WHEN THE INSPECTOR GENERAL describes all this as “identified systemic noncompliance,” it’s talking about what it calls a “culture” problem.
FBI and Justice Department National Security Division leadership, in “statements and actions… seemed to minimize the significance of the FBI’s lack of adherence to its Woods Procedures.” Supervisory Special Agents (SSAs) are supposed to vouch for each factual assertion in the surveillance application. But the inspector general found that in practice, “the only documentation we identified concerning the SSA review was the signature on the Woods Form,” meaning that no one else has any idea what merited the sign-off, only that it occurred. “We generally did not observe other indications of SSA review within the Woods Files that would allow us to assess the adequacy of those reviews, such as documented feedback to the case agent or a specific confirmation that the SSA had traced statements of fact to the supporting documentation,” the inspector general wrote.
Beyond that, the fixes the FBI agreed to make after earlier iterations of the inspector general investigation concern only the creation of the Woods File. These fixes lack “a commensurate level of emphasis on and attention to the subsequent supervisory and oversight steps.” Translated from the bureaucratese, that means the FBI is functionally ignoring the systemic aspects of inspector general’s findings, which concern not only errors introduced into the Woods File but what comes after the creation of the file.
There is a tendency at the FBI, from leadership down to the case agent, to dismiss these concerns as immaterial to probable cause, according to the inspector general. But in fact, “there were 30 instances where FBI field personnel initially determined that the potential inaccuracy we identified was not an error, yet NSD OI [the Office of Intelligence within the Justice Department National Security Division] ultimately determined it was an error, which was thereafter reported to the” FISA Court.

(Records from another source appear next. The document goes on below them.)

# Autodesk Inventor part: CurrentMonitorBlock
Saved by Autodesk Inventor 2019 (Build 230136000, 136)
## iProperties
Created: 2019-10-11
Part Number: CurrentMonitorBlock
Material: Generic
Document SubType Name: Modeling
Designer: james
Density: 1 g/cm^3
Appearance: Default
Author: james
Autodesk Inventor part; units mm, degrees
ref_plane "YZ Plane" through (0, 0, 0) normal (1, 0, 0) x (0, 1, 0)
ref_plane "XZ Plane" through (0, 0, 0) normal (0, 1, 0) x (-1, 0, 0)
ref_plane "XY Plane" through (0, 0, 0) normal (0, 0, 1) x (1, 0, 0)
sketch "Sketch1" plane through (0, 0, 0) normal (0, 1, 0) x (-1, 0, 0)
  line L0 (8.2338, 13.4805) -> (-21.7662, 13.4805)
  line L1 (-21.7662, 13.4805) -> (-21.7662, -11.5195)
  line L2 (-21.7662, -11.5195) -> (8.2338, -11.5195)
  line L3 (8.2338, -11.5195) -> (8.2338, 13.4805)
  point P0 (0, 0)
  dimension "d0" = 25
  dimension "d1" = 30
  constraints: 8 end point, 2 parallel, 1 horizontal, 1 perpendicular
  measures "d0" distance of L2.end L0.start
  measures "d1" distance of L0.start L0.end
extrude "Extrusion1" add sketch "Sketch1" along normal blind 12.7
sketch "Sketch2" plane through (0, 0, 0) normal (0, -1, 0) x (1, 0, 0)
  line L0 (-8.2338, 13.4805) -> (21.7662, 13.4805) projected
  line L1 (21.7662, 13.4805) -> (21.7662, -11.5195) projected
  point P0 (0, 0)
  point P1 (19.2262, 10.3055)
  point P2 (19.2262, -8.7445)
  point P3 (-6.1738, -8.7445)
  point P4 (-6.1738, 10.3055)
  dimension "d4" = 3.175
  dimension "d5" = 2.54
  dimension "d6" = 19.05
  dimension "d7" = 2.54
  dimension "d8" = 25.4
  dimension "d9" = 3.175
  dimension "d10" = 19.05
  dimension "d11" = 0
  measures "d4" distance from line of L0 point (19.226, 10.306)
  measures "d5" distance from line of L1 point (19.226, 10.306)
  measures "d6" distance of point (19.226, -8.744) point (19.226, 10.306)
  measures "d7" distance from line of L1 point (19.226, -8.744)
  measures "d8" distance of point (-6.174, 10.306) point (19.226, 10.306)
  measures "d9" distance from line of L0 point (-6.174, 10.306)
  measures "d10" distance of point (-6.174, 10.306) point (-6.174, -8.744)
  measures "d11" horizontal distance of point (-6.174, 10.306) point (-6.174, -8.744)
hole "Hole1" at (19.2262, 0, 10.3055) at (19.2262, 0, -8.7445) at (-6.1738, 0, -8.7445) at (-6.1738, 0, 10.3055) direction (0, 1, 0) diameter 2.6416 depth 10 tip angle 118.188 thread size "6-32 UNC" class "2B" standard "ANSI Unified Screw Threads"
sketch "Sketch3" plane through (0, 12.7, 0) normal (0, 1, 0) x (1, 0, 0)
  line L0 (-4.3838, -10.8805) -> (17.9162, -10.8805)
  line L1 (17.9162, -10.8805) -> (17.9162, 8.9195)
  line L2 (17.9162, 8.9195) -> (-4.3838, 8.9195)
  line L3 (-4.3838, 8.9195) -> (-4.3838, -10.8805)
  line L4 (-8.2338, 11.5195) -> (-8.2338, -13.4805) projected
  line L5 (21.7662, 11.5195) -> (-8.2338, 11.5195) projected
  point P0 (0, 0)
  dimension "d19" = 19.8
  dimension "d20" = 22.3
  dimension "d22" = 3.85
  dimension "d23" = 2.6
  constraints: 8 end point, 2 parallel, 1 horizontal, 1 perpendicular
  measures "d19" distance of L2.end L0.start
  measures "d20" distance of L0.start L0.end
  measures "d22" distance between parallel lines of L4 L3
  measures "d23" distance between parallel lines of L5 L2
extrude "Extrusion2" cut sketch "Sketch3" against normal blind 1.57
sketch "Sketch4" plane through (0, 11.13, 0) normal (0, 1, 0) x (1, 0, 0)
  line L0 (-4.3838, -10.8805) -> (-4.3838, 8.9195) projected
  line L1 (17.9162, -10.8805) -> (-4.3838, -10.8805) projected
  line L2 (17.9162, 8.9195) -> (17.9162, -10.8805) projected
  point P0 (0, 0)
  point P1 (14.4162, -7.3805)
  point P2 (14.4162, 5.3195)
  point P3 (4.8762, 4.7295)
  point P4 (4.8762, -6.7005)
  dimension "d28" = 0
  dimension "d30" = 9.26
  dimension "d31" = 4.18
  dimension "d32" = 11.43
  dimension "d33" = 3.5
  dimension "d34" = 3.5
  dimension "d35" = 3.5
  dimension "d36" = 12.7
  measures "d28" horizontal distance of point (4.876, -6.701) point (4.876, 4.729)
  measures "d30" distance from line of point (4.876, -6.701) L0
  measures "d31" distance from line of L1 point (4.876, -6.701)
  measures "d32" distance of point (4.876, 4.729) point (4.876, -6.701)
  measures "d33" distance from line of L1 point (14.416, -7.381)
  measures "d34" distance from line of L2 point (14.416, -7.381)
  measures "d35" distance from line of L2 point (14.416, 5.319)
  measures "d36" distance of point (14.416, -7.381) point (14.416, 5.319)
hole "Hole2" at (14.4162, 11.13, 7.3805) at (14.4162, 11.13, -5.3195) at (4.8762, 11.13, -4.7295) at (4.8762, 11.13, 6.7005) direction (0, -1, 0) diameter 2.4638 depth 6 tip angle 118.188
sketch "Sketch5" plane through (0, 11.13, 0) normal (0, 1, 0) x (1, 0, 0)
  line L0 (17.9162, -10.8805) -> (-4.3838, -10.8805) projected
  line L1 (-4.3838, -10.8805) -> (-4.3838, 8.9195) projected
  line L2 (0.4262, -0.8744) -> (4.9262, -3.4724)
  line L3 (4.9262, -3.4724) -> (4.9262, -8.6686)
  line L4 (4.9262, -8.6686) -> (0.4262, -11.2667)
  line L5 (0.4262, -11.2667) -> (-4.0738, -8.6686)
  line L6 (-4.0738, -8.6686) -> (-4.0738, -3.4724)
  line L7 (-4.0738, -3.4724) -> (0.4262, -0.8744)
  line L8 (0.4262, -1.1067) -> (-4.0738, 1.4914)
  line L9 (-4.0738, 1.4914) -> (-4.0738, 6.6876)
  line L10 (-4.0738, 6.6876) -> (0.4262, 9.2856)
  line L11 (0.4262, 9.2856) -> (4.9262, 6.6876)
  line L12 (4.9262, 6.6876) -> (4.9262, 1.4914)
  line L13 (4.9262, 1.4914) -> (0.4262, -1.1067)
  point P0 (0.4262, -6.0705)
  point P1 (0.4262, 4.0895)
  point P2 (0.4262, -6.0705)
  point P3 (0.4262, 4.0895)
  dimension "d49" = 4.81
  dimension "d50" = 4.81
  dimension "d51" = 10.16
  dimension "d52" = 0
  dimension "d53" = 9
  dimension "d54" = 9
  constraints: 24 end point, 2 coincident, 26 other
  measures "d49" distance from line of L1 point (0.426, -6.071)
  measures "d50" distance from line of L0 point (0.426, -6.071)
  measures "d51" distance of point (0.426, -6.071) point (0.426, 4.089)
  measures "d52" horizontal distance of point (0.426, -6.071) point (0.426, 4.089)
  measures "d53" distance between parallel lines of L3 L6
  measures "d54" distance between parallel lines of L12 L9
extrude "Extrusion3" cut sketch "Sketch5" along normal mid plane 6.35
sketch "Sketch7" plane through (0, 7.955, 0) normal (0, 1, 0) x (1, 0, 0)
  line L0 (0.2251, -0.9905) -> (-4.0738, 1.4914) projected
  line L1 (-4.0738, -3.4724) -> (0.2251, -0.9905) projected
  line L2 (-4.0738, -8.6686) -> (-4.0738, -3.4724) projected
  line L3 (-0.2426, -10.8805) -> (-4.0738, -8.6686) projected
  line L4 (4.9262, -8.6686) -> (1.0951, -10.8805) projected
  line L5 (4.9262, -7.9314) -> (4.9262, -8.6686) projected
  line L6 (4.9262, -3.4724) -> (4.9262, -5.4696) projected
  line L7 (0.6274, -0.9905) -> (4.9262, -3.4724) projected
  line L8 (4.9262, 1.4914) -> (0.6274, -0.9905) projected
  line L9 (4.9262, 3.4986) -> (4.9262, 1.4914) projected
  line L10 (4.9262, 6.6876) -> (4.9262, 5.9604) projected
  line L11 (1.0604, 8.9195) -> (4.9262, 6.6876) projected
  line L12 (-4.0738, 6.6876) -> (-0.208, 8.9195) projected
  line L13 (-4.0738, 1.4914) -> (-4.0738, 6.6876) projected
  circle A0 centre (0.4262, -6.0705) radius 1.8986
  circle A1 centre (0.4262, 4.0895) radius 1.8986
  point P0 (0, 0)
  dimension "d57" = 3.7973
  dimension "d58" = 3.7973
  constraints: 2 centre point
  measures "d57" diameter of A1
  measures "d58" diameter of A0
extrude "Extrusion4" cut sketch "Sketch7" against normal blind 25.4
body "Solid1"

Perhaps you need to have been yelled at by extremely senior figures within the FBI to have this seared into your brain. But speaking as someone fitting that description: I remember very vividly how a centerpiece of intelligence officials’ insistence, post-Snowden, that surveillance was actually responsibly constrained was the existence of robust internal procedural and cultural safeguards within the FBI, CIA and NSA. Oops!
YET THE REMEDIES recommended by the inspector-general are notably unambitious. They include obvious, bare-minimum mitigation approaches like “Establish specific policy on the appropriate format and maintenance of Woods Files.” What they don’t include—for what, I must emphasize, the inspector general describes as “identified systemic noncompliance” concerning “one of the DOJ’s most intrusive investigative authorities”—is a call for anyone to face any administrative discipline at all. Criminal discipline for such laxity over such a massive government power is simply beyond the scope of the inspector general’s imagination. It reflects the addiction to impunity that ensures we have nothing but incoherent, superficial political disputes about surveillance between party leaderships that differently modulate their appetites for mass data acquisition.
Impunity, after all, is at the heart of this “identified systemic noncompliance.” So is timidity over characterizing and confronting that impunity. Until that changes, nothing else about surveillance will.